▸ **What the task asks**: The line holding "msp.add_line(p, q, dxfattribs=at)" is the last one to output; start at the first line of the data, keep every line in between exactly, and leave out pictures.

▸ **Input for this task**:
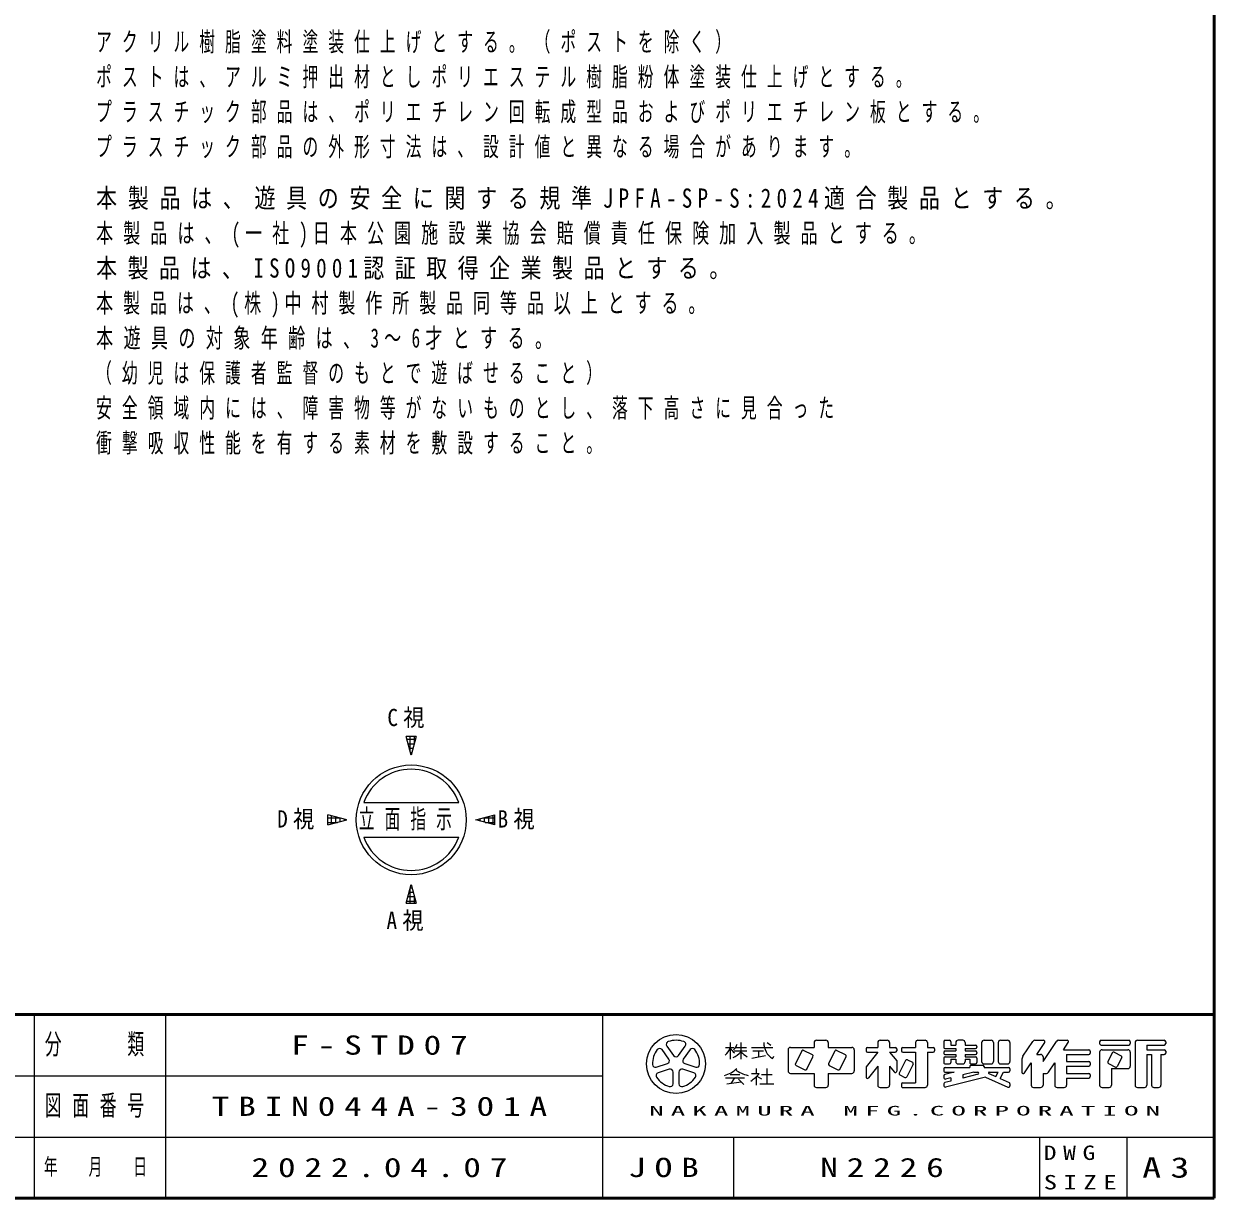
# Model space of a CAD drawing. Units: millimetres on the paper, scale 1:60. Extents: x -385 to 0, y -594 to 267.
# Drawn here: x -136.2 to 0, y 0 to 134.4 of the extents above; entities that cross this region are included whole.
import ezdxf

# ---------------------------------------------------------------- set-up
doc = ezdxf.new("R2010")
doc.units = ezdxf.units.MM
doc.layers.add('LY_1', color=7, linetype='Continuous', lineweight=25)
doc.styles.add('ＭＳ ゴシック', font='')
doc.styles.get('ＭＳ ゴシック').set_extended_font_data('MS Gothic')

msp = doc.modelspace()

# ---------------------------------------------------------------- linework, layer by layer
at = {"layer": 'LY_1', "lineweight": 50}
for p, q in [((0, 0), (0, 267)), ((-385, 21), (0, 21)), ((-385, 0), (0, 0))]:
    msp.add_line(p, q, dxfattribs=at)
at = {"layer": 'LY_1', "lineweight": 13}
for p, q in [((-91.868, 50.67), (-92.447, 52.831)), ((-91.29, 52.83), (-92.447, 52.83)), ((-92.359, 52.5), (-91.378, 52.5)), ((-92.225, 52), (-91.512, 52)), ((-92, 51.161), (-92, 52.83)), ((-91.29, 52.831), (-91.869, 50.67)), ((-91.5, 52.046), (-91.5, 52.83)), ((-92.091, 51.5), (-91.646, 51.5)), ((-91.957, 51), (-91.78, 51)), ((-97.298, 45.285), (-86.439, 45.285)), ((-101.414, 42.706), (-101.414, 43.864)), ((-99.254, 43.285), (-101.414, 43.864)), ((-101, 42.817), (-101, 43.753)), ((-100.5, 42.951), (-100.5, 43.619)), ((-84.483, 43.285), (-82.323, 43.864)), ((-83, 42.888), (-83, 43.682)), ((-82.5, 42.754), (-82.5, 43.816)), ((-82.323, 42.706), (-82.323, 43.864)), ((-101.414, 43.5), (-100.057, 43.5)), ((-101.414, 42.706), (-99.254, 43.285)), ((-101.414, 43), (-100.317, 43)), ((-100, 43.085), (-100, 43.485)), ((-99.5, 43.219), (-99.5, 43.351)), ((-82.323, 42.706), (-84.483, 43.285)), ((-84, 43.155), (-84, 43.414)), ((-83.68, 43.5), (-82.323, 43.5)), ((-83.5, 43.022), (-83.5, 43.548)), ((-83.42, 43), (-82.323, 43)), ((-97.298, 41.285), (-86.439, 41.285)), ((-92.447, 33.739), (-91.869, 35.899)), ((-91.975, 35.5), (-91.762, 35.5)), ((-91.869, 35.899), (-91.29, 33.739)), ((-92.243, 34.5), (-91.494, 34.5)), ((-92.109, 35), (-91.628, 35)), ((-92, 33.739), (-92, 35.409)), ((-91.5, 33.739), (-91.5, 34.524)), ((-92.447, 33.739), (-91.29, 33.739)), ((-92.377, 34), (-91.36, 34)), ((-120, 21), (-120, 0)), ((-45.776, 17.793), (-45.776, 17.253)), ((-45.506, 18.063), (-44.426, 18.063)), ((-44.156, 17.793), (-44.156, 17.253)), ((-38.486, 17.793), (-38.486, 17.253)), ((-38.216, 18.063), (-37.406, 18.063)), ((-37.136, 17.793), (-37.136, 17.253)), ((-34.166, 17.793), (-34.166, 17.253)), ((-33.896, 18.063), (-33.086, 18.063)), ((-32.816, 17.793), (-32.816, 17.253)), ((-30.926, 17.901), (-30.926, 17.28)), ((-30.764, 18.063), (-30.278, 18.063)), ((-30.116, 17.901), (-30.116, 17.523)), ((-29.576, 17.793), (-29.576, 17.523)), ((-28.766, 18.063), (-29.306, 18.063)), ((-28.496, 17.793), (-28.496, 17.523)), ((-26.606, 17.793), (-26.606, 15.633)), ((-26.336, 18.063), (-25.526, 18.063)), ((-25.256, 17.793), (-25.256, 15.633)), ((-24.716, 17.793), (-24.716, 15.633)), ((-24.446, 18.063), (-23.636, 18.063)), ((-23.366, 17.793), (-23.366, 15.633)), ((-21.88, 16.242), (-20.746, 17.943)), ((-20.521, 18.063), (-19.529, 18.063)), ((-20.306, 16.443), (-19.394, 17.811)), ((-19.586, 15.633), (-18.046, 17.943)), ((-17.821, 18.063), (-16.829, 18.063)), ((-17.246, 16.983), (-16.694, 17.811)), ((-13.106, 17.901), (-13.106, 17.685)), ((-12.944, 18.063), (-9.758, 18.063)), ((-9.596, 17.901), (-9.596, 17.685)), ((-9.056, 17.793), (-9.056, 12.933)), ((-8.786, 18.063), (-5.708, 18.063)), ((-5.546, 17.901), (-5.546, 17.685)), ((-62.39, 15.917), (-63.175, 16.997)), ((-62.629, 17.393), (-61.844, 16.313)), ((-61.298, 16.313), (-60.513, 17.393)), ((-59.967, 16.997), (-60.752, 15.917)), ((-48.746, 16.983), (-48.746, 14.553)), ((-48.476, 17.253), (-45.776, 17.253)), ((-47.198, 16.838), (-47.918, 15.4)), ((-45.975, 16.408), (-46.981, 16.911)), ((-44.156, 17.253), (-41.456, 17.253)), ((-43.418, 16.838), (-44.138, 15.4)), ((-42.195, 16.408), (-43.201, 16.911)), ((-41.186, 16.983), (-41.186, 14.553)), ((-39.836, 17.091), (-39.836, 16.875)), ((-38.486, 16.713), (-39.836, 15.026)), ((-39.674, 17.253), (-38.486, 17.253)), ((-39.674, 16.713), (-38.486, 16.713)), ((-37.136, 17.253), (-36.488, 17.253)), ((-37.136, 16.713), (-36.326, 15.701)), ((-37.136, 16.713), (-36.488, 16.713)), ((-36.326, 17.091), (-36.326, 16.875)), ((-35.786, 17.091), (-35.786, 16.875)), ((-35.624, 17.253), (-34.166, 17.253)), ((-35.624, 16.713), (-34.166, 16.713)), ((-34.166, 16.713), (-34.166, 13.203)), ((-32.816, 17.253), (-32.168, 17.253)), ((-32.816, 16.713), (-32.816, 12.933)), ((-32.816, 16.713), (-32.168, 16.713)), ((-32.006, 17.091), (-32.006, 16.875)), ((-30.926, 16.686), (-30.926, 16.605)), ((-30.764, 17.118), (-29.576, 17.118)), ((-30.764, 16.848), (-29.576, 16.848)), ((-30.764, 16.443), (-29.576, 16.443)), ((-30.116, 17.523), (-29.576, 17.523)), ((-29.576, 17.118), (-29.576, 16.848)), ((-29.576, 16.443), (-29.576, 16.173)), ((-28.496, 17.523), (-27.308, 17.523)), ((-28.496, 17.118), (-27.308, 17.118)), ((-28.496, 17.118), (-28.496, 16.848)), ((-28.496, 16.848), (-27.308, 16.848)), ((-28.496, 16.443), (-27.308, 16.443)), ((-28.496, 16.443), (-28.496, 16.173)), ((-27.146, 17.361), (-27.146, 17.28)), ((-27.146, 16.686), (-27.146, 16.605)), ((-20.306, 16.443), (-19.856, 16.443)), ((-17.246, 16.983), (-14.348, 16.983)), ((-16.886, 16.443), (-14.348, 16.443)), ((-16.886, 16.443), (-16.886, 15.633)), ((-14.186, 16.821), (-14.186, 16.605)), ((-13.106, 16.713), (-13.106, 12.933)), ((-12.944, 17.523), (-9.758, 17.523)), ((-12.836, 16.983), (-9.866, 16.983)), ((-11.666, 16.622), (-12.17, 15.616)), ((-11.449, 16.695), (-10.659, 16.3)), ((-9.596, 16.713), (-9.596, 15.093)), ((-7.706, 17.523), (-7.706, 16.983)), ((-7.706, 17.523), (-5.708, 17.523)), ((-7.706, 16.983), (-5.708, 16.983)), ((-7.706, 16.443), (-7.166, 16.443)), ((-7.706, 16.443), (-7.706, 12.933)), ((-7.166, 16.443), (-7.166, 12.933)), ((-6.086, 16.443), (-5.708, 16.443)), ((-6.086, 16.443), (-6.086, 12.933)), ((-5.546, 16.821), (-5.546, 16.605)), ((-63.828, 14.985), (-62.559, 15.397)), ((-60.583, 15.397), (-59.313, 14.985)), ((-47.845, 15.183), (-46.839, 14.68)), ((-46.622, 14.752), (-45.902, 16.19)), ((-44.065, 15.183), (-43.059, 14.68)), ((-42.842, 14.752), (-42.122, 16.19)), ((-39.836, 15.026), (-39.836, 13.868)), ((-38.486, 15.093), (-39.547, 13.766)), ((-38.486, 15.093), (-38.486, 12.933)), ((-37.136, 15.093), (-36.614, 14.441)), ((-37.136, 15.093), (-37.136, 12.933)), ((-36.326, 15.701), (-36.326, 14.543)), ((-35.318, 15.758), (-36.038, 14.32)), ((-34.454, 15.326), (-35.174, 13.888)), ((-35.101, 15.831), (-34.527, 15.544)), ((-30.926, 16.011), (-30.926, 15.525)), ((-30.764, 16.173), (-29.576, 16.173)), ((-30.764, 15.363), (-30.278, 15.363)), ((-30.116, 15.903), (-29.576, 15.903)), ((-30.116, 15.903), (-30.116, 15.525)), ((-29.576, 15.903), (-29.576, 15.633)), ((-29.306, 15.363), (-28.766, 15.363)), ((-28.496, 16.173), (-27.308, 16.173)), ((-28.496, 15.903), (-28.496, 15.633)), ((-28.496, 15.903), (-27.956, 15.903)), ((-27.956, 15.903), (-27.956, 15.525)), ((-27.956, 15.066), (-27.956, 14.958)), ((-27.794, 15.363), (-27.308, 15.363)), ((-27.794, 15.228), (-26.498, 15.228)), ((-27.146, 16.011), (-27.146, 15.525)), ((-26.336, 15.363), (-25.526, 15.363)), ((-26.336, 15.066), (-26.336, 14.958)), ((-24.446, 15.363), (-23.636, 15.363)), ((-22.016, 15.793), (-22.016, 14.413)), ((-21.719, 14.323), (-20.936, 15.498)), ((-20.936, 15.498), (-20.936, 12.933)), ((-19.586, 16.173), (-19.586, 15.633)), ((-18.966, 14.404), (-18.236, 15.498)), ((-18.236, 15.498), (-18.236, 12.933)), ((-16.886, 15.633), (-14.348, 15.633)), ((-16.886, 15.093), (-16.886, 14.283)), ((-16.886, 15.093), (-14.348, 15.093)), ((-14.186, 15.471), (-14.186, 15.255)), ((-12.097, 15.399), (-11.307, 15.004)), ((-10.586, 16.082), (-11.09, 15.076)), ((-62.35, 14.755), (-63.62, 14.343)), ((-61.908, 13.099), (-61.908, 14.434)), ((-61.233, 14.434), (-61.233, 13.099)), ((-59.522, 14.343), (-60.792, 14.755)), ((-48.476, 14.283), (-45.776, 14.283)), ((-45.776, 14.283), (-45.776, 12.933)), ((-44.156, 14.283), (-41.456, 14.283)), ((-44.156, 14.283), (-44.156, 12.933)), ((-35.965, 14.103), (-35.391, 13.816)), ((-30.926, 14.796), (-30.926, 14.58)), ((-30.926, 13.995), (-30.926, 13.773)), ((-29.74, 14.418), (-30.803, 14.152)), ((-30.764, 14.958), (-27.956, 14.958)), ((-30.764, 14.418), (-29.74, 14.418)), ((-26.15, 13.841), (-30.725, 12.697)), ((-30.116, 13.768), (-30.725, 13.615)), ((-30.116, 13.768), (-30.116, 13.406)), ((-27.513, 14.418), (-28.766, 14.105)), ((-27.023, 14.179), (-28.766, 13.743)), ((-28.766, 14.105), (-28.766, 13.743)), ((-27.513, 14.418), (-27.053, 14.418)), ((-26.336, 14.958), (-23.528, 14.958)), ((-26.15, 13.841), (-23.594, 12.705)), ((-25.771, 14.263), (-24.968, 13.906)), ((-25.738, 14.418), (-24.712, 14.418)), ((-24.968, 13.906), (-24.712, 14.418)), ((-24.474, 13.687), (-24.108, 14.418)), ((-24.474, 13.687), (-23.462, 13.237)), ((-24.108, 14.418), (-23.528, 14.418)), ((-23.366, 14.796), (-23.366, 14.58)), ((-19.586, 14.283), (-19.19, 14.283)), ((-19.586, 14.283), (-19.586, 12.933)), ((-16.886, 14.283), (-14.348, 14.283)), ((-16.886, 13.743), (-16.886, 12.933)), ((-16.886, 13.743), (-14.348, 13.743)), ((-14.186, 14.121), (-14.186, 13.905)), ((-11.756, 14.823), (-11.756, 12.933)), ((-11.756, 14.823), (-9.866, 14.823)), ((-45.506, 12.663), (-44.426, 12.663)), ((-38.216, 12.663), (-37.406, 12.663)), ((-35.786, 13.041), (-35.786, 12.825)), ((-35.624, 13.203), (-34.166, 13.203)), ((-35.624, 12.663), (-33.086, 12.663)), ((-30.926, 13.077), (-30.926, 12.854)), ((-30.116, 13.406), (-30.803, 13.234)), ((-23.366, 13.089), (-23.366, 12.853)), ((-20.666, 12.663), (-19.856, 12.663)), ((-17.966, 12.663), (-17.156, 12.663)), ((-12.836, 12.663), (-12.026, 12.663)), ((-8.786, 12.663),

▸ **Answer space**:
# Model space of a CAD drawing. Units: millimetres on the paper, scale 1:60. Extents: x -385 to 0, y -594 to 267.
# Drawn here: x -136.2 to 0, y 0 to 134.4 of the extents above; entities that cross this region are included whole.
import ezdxf

# ---------------------------------------------------------------- set-up
doc = ezdxf.new("R2010")
doc.units = ezdxf.units.MM
doc.layers.add('LY_1', color=7, linetype='Continuous', lineweight=25)
doc.styles.add('ＭＳ ゴシック', font='')
doc.styles.get('ＭＳ ゴシック').set_extended_font_data('MS Gothic')

msp = doc.modelspace()

# ---------------------------------------------------------------- linework, layer by layer
at = {"layer": 'LY_1', "lineweight": 50}
for p, q in [((0, 0), (0, 267)), ((-385, 21), (0, 21)), ((-385, 0), (0, 0))]:
    msp.add_line(p, q, dxfattribs=at)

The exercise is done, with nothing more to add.